I've just put it away, rather than taking it apart and shimming the cylinder. That's too bad, because it has a very good trigger, both in SA and DA.


----------



## 1YoungGun (Nov 30, 2010)

EliWolfe said:


> I like the Ruger SP101 snubnose in DA only. It is quite a bit heavier though and you might not like that in an ankle rig, especially if you need to RUN!!! Then again, you can get it in .357 mag. if you want to, and that added weight makes for a more manageable .357. And the SP101 it is built like a little tank if you intend to shoot a lot. I don't believe much in trying to save money when buying something I may be using to defend myself or my family. Is a couple hundred bucks really worth it? For that reason I stay away from Taurus, Rossi, etc. The one "off" brand I have is a Charter Arms Bulldog Pug in .44 special. I got that because I am an old fart and like those great big bullets. I had it magnaported, fitted with recoil reducing grips, and had it checked out by my gunsmith even though it was new! I love the gun, but don't carry it. I know times are tough, so if I had to choose an economy .38, it would be the Charter. They make one that is a virtual clone of the Smith for a couple hundred less. My carry guns are:
> Beretta 92FS for full size high capacity (15 + 1 rounds, 9mm Speer Gold Dots)
> [email protected] 442 with .38+P Corbon DPX right front pocket holster
> Beretta 21 Stainless .22, CCI Stingers, IWB holster for last resorts
> ...


You make a good point about not skimping on a SD gun. Especially in my case where this is going to be my backup, I want to know I can depend on it when the chips are down. I think what I'll do is save up a little and keep an eye out for a used Ruger or S&W in the local classifieds/pawn shops. If something doesn't turn up after too long, I can always try one of those online auction sites (I've never bought a gun on one before so I'm a little hesitant to just jump right in  ). Thanks for the advice and ideas!


----------



## EliWolfe (Nov 20, 2010)

Steve M1911A1 said:


> Hey, *Eli*, just how many shots can you get out of that Charter Arms .44 revolver, before something goes wrong?
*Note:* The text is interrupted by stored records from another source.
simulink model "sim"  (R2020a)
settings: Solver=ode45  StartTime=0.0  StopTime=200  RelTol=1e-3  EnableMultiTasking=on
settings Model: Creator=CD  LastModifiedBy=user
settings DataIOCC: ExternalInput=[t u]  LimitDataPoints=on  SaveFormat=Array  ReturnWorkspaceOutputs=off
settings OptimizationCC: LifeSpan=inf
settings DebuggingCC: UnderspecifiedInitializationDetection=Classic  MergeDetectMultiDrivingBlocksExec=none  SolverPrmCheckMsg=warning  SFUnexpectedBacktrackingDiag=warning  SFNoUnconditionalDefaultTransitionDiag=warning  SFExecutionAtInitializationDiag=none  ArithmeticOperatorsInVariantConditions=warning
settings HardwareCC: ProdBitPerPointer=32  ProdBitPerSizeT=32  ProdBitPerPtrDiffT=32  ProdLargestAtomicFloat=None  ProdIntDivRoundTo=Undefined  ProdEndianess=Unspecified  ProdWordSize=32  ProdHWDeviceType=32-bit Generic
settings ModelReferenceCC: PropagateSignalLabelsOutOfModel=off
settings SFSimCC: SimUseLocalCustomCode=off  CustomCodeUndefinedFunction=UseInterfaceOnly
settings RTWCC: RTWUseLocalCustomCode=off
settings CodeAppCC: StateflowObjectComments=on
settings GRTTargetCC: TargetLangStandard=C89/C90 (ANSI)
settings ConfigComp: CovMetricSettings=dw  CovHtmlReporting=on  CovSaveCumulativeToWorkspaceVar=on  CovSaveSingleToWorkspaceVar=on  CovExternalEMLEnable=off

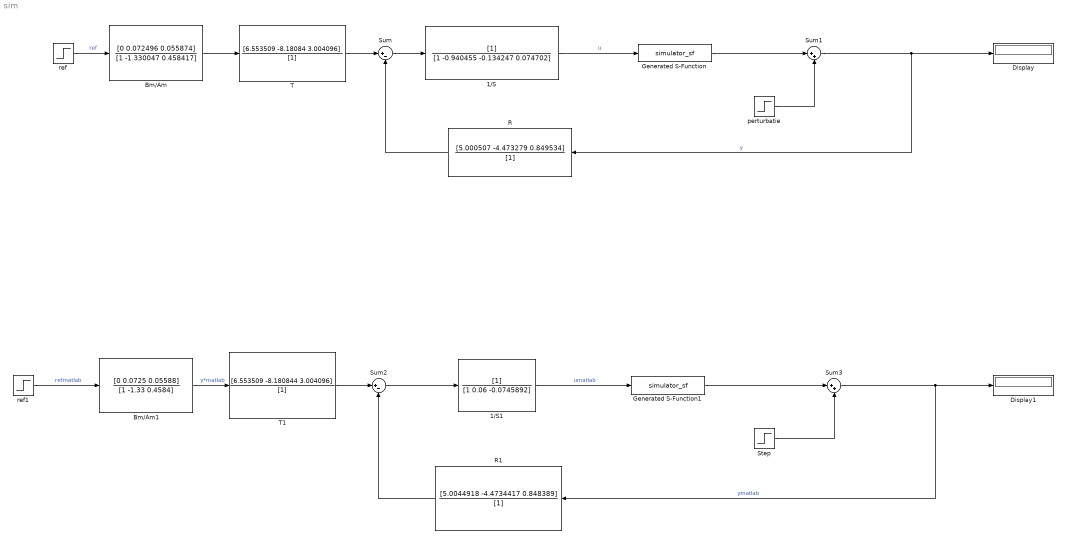
== system sim ==
  1/S : DiscreteFilter  Denominator=[1 -0.940455 -0.134247 0.074702]  SampleTime=0.6
  1/S1 : DiscreteFilter  Denominator=[1 0.06 -0.0745892]  SampleTime=0.6
  Bm/Am : DiscreteFilter  Numerator=[0 0.072496 0.055874]  Denominator=[1 -1.330047 0.458417]  SampleTime=0.6
  Bm/Am1 : DiscreteFilter  Numerator=[0 0.0725 0.05588]  Denominator=[1 -1.33 0.4584]  SampleTime=0.6
  Display : Display
  Display1 : Display
  Generated S-Function : S-Function  FunctionName=simulator_sf  SFunctionModules=""  SFunctionDeploymentMode=off  EnableBusSupport=off  mask{rtw_sf_name=simulator_sf, showVar=off}
      mask prompts: rtw_sf_name "Simulink:masks:GenSFuncName_MP"; showVar "Simulink:masks:GenSFuncShowModuleList_MP"
      mask help: Simulink:masks:GenSFuncDesc_MD
      mask init:
      | displist = '';
      | if ~strcmp(get_param(gcb, 'FunctionName'), rtw_sf_name);
      |   set_param(gcb, 'FunctionName', rtw_sf_name);
      | end
      | % Check if we are generating code
      | rtw_mode = false;
      | if strcmpi(get_param(bdroot(gcb),'SimulationStatus'),'Initializing')
      | 	rtw_mode = strcmpi(get_param(bdroot(gcb),'BuildingRTWCode'),'on') && ...
      | 		~strcmpi(get_param(bdroot(gcb),'TargetStyle'),'SimulationTarget');
      | end
      | if showVar || rtw_mode
      | 	if exist('rtwsfunc') == 2 | exist('rtwsfunc') == 6
      | 		tmplist = rtwsfunc(rtw_sf_name,gcb);
      | 		tmplist = DAStudio.message('Simulink:masks:GenSFuncListOfModules_IC', tmplist);
      | 	elseif showVar
      | 		tmplist1 = DAStudio.message('Simulink:masks:GenSFuncListOfModules_IC', '');
      |         tmplist2 = DAStudio.message('Simulink:masks:GenSFuncNotLicensed_IC');
      |         tmplist = [tmplist1 tmplist2];
      |  	end
      | end
      | if showVar
      |   displist = tmplist;
      | end
      settings: CopyFcn=|
      | if ~strcmp(get_param(gcb,'Linkstatus'),'none') && ...
      | ~strcmp(get_param(gcb,'Linkstatus'),'implicit')
      |   set_param(gcb,'LinkStatus','none');
      | end
      mask Help: eval('feval(''rtwprivate'',''rtwhelpview'',''rtw_sfcn_block'')');
      mask Display:
      | port_label('input',1,'Commande');
      | port_label('output',1,'Sortie');
  Generated S-Function1 : S-Function  FunctionName=simulator_sf  SFunctionModules=""  SFunctionDeploymentMode=off  EnableBusSupport=off  mask{rtw_sf_name=simulator_sf, showVar=off}
      mask prompts: rtw_sf_name "Simulink:masks:GenSFuncName_MP"; showVar "Simulink:masks:GenSFuncShowModuleList_MP"
      mask help: Simulink:masks:GenSFuncDesc_MD
      mask init: same as sim/Generated S-Function
      settings: CopyFcn=|
      | if ~strcmp(get_param(gcb,'Linkstatus'),'none') && ...
      | ~strcmp(get_param(gcb,'Linkstatus'),'implicit')
      |   set_param(gcb,'LinkStatus','none');
      | end
      mask Help: eval('feval(''rtwprivate'',''rtwhelpview'',''rtw_sfcn_block'')');
      mask Display:
      | port_label('input',1,'Commande');
      | port_label('output',1,'Sortie');
  R : DiscreteFilter  Numerator=[5.000507 -4.473279 0.849534]  Denominator=[1]  SampleTime=0.6
  R1 : DiscreteFilter  Numerator=[5.0044918 -4.4734417 0.848389]  Denominator=[1]  SampleTime=0.6
  Step : Step  Time=50  After=1.5  SampleTime=0.6
  Sum : Sum  Inputs=|+-
  Sum1 : Sum  Inputs=|++
  Sum2 : Sum  Inputs=|+-
  Sum3 : Sum  Inputs=|++
  T : DiscreteFilter  Numerator=[6.553509 -8.18084 3.004096]  Denominator=[1]  SampleTime=0.6
  T1 : DiscreteFilter  Numerator=[6.553509 -8.180844 3.004096]  Denominator=[1]  SampleTime=0.6
  perturbatie : Step  Time=60  After=4.5  SampleTime=0.6
  ref : Step  Time=0  After=6  SampleTime=0.6
  ref1 : Step  Time=0  After=6  SampleTime=0.6
  wires:
  Sum1/1 -> Display/1, R/1  "y"
  perturbatie/1 -> Sum1/2
  R/1 -> Sum/2
  1/S/1 -> Generated S-Function/1  "u"
  Sum/1 -> 1/S/1
  Bm/Am/1 -> T/1
  T/1 -> Sum/1
  ref/1 -> Bm/Am/1  "ref"
  Generated S-Function/1 -> Sum1/1
  ref1/1 -> Bm/Am1/1  "refmatlab"
  Step/1 -> Sum3/2
  Generated S-Function1/1 -> Sum3/1
  Sum3/1 -> R1/1, Display1/1  "ymatlab"
  T1/1 -> Sum2/1
  Sum2/1 -> 1/S1/1
  Bm/Am1/1 -> T1/1  "y*matlab"
  R1/1 -> Sum2/2
  1/S1/1 -> Generated S-Function1/1  "umatlab"

Yessir, kind of like your Backup .45, I must have gotten a good one. I've been through several boxes of various brands without a misfire or cylinder problem. I did have a situation where a spent case got hung up on that short ejector. No good in an emergency reload situation! And I have other better guns for SD. Having said that, I have heard about the Charter's tying up exactly as you are recounting. I really only have the Charter for the .44 special caliber, fun to shoot with the porting and softy grips. Like I mentioned before, I would not rely on an "off brand" unless i had it checked out by a good gunsmith. I've had this gun for a few years and the porting and grips were done as a package that "supposedly" included checking cylinder specs etc. Anyway, hopefully our young friend will spend the Xtra for a 642, though it seems like all the brands have their lovers and haters based on their particular experience. Even Kel-Tec has a following that swears by them as being totally reliable. I tried the .32 a couple years back, and it was back and forth to my dealer and never did run right. So, i don't like them and won't buy another. My crosstown LEO buddy has had his all slicked up (their are whole websites devoted to "fixxing" these things) and carries it daily as a backup. I told him he should know better but to each his own!
Regards, Eli


----------



## EliWolfe (Nov 20, 2010)

I think what I'll do is save up a little and keep an eye out for a used Ruger or S&W in the local classifieds/pawn shops. If something doesn't turn up after too long said:


> Excellent decision my friend.
> Eli


----------



## EliWolfe (Nov 20, 2010)

*Charter Bulldog Range Test*



Steve M1911A1 said:


> Hey, *Eli*, just how many shots can you get out of that Charter Arms .44 revolver, before something goes wrong?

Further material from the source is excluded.